The most basic concept in code is variables and values, and the place where they are stored is memory, so we start with memory.

Memory

Our programs constantly interact with memory. Even in a simple statement like assigning “hello world!” to s, there are deep interactions with the Read-Only Data segment (RODATA), the heap, and the stack:

let s = "hello world".to_string();

Here’s a breakdown of the memory usage with a string example, which you can explore using a Rust playground snippet.

The string literal “hello world” is stored in the .RODATA segment (in GCC) or the .RDATA segment (in VC++) at compile time. Upon program load, it is assigned a fixed memory address.

When executing “hello world”.to_string(), new memory is allocated on the heap. The string “hello world” is copied byte by byte to this heap memory.

When the heap data is assigned to s, s is a variable on the stack. It needs to know the heap memory’s address. Because the heap data size is indeterminate and can grow, it also needs to know the current length and capacity of the data.
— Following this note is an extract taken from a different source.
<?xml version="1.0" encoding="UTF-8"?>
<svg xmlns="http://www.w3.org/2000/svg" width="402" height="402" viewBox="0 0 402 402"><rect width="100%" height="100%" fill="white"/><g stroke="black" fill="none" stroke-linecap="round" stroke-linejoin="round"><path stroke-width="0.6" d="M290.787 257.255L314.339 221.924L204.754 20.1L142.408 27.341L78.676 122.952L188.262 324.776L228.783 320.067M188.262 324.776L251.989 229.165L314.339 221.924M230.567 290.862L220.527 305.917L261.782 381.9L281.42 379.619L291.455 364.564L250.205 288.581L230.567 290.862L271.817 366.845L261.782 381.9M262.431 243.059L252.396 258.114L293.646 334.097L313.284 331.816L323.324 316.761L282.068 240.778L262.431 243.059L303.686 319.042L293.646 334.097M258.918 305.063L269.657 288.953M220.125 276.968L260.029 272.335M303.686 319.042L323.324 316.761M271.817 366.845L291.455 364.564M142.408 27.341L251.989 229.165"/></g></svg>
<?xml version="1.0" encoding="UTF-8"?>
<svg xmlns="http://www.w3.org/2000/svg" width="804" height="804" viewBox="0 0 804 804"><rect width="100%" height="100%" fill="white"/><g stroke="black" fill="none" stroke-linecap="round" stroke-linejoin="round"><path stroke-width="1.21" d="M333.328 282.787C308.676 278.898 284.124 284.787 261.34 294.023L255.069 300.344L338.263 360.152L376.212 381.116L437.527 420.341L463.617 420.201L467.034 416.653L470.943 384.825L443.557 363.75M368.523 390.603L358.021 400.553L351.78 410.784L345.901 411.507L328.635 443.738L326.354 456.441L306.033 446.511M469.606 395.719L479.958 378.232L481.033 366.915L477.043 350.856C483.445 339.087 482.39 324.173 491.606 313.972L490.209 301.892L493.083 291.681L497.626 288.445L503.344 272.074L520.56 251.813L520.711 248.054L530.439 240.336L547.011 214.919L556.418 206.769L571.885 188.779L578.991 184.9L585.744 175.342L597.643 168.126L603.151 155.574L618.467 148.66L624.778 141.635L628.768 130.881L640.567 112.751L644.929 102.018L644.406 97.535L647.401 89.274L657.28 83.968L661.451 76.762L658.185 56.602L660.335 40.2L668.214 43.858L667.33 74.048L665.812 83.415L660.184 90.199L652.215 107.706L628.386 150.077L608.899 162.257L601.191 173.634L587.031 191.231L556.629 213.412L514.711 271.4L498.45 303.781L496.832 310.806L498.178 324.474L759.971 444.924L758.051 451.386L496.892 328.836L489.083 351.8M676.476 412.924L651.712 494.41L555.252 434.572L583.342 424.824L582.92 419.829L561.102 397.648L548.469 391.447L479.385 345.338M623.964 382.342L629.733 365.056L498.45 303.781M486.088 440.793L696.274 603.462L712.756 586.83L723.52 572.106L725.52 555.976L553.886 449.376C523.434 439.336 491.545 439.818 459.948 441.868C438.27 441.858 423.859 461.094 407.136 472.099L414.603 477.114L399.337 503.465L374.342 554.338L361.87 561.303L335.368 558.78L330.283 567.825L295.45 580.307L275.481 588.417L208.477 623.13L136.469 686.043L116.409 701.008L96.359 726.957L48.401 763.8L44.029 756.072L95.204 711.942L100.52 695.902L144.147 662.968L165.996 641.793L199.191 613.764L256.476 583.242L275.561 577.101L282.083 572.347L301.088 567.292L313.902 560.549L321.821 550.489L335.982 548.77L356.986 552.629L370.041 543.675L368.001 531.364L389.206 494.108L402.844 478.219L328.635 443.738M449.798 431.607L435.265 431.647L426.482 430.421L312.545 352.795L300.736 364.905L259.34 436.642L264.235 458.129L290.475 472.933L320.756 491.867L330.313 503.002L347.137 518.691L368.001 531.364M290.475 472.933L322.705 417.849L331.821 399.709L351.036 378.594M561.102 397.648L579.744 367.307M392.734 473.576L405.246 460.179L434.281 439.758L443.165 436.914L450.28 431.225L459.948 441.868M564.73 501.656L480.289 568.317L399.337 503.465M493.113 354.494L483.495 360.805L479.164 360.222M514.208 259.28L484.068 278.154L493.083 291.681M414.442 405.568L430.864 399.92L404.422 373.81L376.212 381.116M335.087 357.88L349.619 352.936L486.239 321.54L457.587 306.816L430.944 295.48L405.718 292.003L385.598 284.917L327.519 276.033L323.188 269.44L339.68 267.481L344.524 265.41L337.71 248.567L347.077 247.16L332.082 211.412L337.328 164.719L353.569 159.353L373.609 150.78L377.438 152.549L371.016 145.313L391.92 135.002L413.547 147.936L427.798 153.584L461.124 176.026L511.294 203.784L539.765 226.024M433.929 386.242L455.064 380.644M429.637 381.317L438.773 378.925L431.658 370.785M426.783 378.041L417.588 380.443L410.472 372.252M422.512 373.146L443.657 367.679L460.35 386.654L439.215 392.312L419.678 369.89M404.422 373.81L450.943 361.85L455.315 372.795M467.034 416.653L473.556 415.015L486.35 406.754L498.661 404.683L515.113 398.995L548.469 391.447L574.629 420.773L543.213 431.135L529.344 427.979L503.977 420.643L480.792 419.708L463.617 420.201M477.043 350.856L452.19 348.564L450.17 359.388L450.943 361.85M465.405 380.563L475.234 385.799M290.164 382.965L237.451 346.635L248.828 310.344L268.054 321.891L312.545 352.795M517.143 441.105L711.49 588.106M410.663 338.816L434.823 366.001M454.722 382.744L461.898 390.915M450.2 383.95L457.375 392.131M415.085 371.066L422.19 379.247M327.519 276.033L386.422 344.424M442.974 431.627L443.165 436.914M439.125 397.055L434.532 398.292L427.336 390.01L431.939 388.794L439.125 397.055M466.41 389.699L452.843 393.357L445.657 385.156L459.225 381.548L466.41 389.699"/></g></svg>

To represent this string, three words are used:

  • First Word: Pointer to the heap memory.
  • Second Word: Current length of the string (11 bytes).
  • Third Word: Total capacity of the allocated memory (11 bytes).

In a 64-bit system, these three words occupy 24 bytes.

string

Earlier, we mentioned that the content of a string is stored on the heap, while the pointer to the string and related information are stored on the stack. Now, it’s time to test your understanding of memory fundamentals: when should data be placed on the stack, and when should it go on the heap?

Many developers using languages with automatic memory management, like Java or Python, might have some vague impressions or rules:

  • primitive types are stored on the stack, objects on the heap;
  • small amounts of data on the stack, large amounts on the heap.

While these are generally correct, they don’t get to the heart of the matter. If you only memorize rules and formulas in your work, you may get confused when encountering special cases. However, if you understand the logic behind these formulas, you can quickly find the answer through simple reasoning, even if you forget them. So, let’s delve into the design principles of the heap and the stack and see how they actually work.

Stack

The stack is the foundation of a program’s execution. Whenever a function is called, a contiguous block of memory is allocated at the top of the stack, known as a frame.

We know that the stack grows from the top down. At the very bottom of a program’s call stack, excluding the entry frame, is the frame corresponding to the main() function. As the main() function makes successive calls, the stack expands layer by layer. When the calls return, the stack unwinds layer by layer, releasing the memory back.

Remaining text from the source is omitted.